About: hooper

Website

http://crab-lab.zool.ohiou.edu/hooper

Profile

Rhythmic neuronal activity is widespread in nervous systems, and plays a central role in certain types of sensory processing, in motor pattern production, and possibly (in vertebrates) in attention. These rhythms are generated endogenously (i.e., they can continue without rhythmic sensory input) by central neural networks, and hence are an example of the nervous system's ability to spontaneously create patterns. Network rhythmicity has been extensively studied in several invertebrate preparations and in the lamprey, and we now have a good general understanding of the mechanisms underlying it. However, we understand relatively little about its dynamic regulation (e.g., how rhythmic pattern frequency and phasing are controlled), and, in the case of motor systems, how these neural networks interact with their peripheral effectors (the musculoskeletal system) so as to continually generate behaviorally relevant, functional motor outputs. Our lab studies these issues in the pyloric neuromuscular system of the lobster. The pyloric neural network produces a wide range of rhythmic neural outputs (similar to our ability to walk, run, hop, etc.), but has only 15 neurons divided into 6 neuronal types.
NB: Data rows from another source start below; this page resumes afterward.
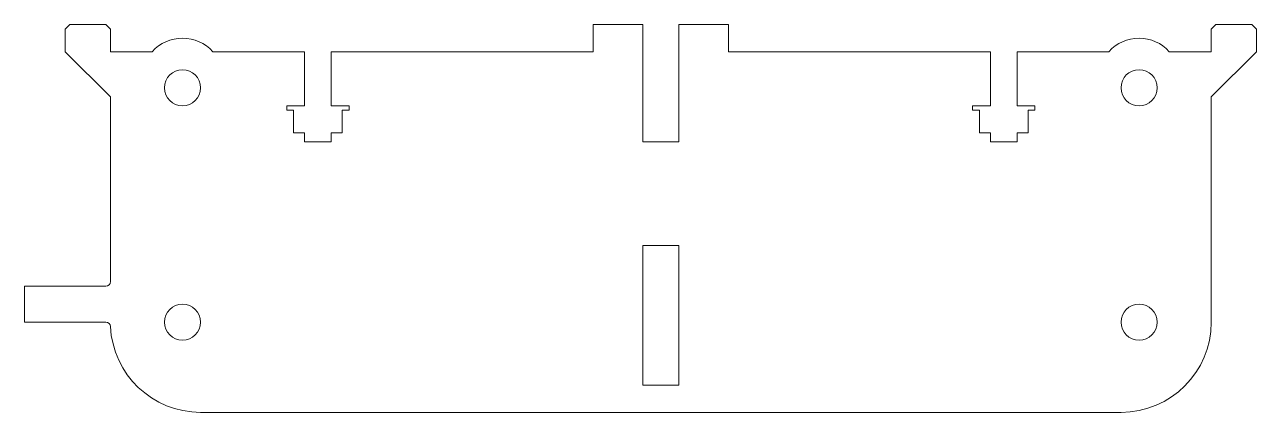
# Model space of a CAD drawing. Header units: millimetres. Extents: x -70 to 66, y -23 to 20.
import ezdxf

# ---------------------------------------------------------------- set-up
doc = ezdxf.new("R2010")
doc.units = ezdxf.units.MM

msp = doc.modelspace()

# ---------------------------------------------------------------- linework, layer by layer
at = {"color": 7, "linetype": 'Continuous', "lineweight": 15}
for p, q in [((-65.5, 20), (-66, 19.5)), ((-66, 19.5), (-66, 17)), ((-61.5, 20), (-65.5, 20)), ((-61, 19.5), (-61.5, 20)), ((-61, 17), (-61, 19.5)), ((-7.5, 20), (-7.5, 17)), ((-2, 20), (-7.5, 20)), ((-2, 7), (-2, 20)), ((2, 20), (2, 7)), ((7.5, 20), (2, 20)), ((7.5, 17), (7.5, 20)), ((61.5, 20), (61, 19.5)), ((61, 19.5), (61, 17)), ((65.5, 20), (61.5, 20)), ((66, 19.5), (65.5, 20)), ((66, 17), (66, 19.5)), ((-66, 17), (-61, 12)), ((-56.35, 17), (-61, 17)), ((-39.48, 17), (-49.65, 17)), ((-39.48, 17), (-39.48, 11)), ((-36.52, 11), (-36.52, 17)), ((-7.5, 17), (-36.52, 17)), ((36.52, 17), (7.5, 17)), ((36.52, 17), (36.52, 11)), ((39.48, 11), (39.48, 17)), ((49.65, 17), (39.48, 17)), ((61, 17), (56.35, 17)), ((61, 12), (66, 17)), ((-61, 12), (-61, -8.5)), ((-39.48, 11), (-41.45, 11)), ((-41.45, 11), (-41.45, 10.5)), ((-34.55, 11), (-36.52, 11)), ((-34.55, 10.5), (-34.55, 11)), ((36.52, 11), (34.55, 11)), ((34.55, 11), (34.55, 10.5)), ((41.45, 11), (39.48, 11)), ((41.45, 10.5), (41.45, 11)), ((61, -13), (61, 12)), ((-41.45, 10.5), (-40.7, 10.5)), ((-40.7, 10.5), (-40.7, 8)), ((-35.3, 8), (-35.3, 10.5)), ((-35.3, 10.5), (-34.55, 10.5)), ((34.55, 10.5), (35.3, 10.5)), ((35.3, 10.5), (35.3, 8)), ((40.7, 8), (40.7, 10.5)), ((40.7, 10.5), (41.45, 10.5)), ((-40.7, 8), (-39.48, 8)), ((-39.48, 8), (-39.48, 7)), ((-39.48, 7), (-36.52, 7)), ((-36.52, 7), (-36.52, 8)), ((-36.52, 8), (-35.3, 8)), ((2, 7), (-2, 7)), ((35.3, 8), (36.52, 8)), ((36.52, 8), (36.52, 7)), ((36.52, 7), (39.48, 7)), ((39.48, 7), (39.48, 8)), ((39.48, 8), (40.7, 8)), ((2, -4.5), (-2, -4.5)), ((-2, -4.5), (-2, -20)), ((2, -20), (2, -4.5)), ((-70.5, -9), (-70.5, -13)), ((-61.5, -9), (-70.5, -9)), ((-70.5, -13), (-61.49, -13)), ((-2, -20), (2, -20)), ((-51, -23), (51, -23))]:
    msp.add_line(p, q, dxfattribs=at)
for centre in [(-53, 13), (53, 13), (-53, -13), (53, -13)]:
    msp.add_circle(centre, 2, dxfattribs=at)
for centre, radius, start, end in [((-53, 14), 4.5, 41.8103, 138.1897), ((53, 14), 4.5, 41.8103, 138.1897), ((-61.5, -8.5), 0.5, 270, 0), ((-61.49, -13.5), 0.5, 2.7294, 90), ((-51, -13), 10, 182.7294, 270), ((51, -13), 10, 270, 0)]:
    msp.add_arc(centre, radius, start, end, dxfattribs=at)

doc.saveas('drawing.dxf')

As a result of this small size, the mechanisms underlying the activity of this small neural computer can be studied on the individual neuron and network level. Similarly, the muscles that the network innervates are known, and thus how the nervous system and the periphery interact to produce behavior can also be studied on a well-defined and fundamental level. Our research techniques include computational modeling, neuronal electrophysiology, and measurement of muscle electrical and contractile responses to neuronal input. Undergraduates can contribute to this effort in any of these areas; due to the preparation's experimental advantages, undergraduates can generally be making significant scientific contributions within their first quarter of work.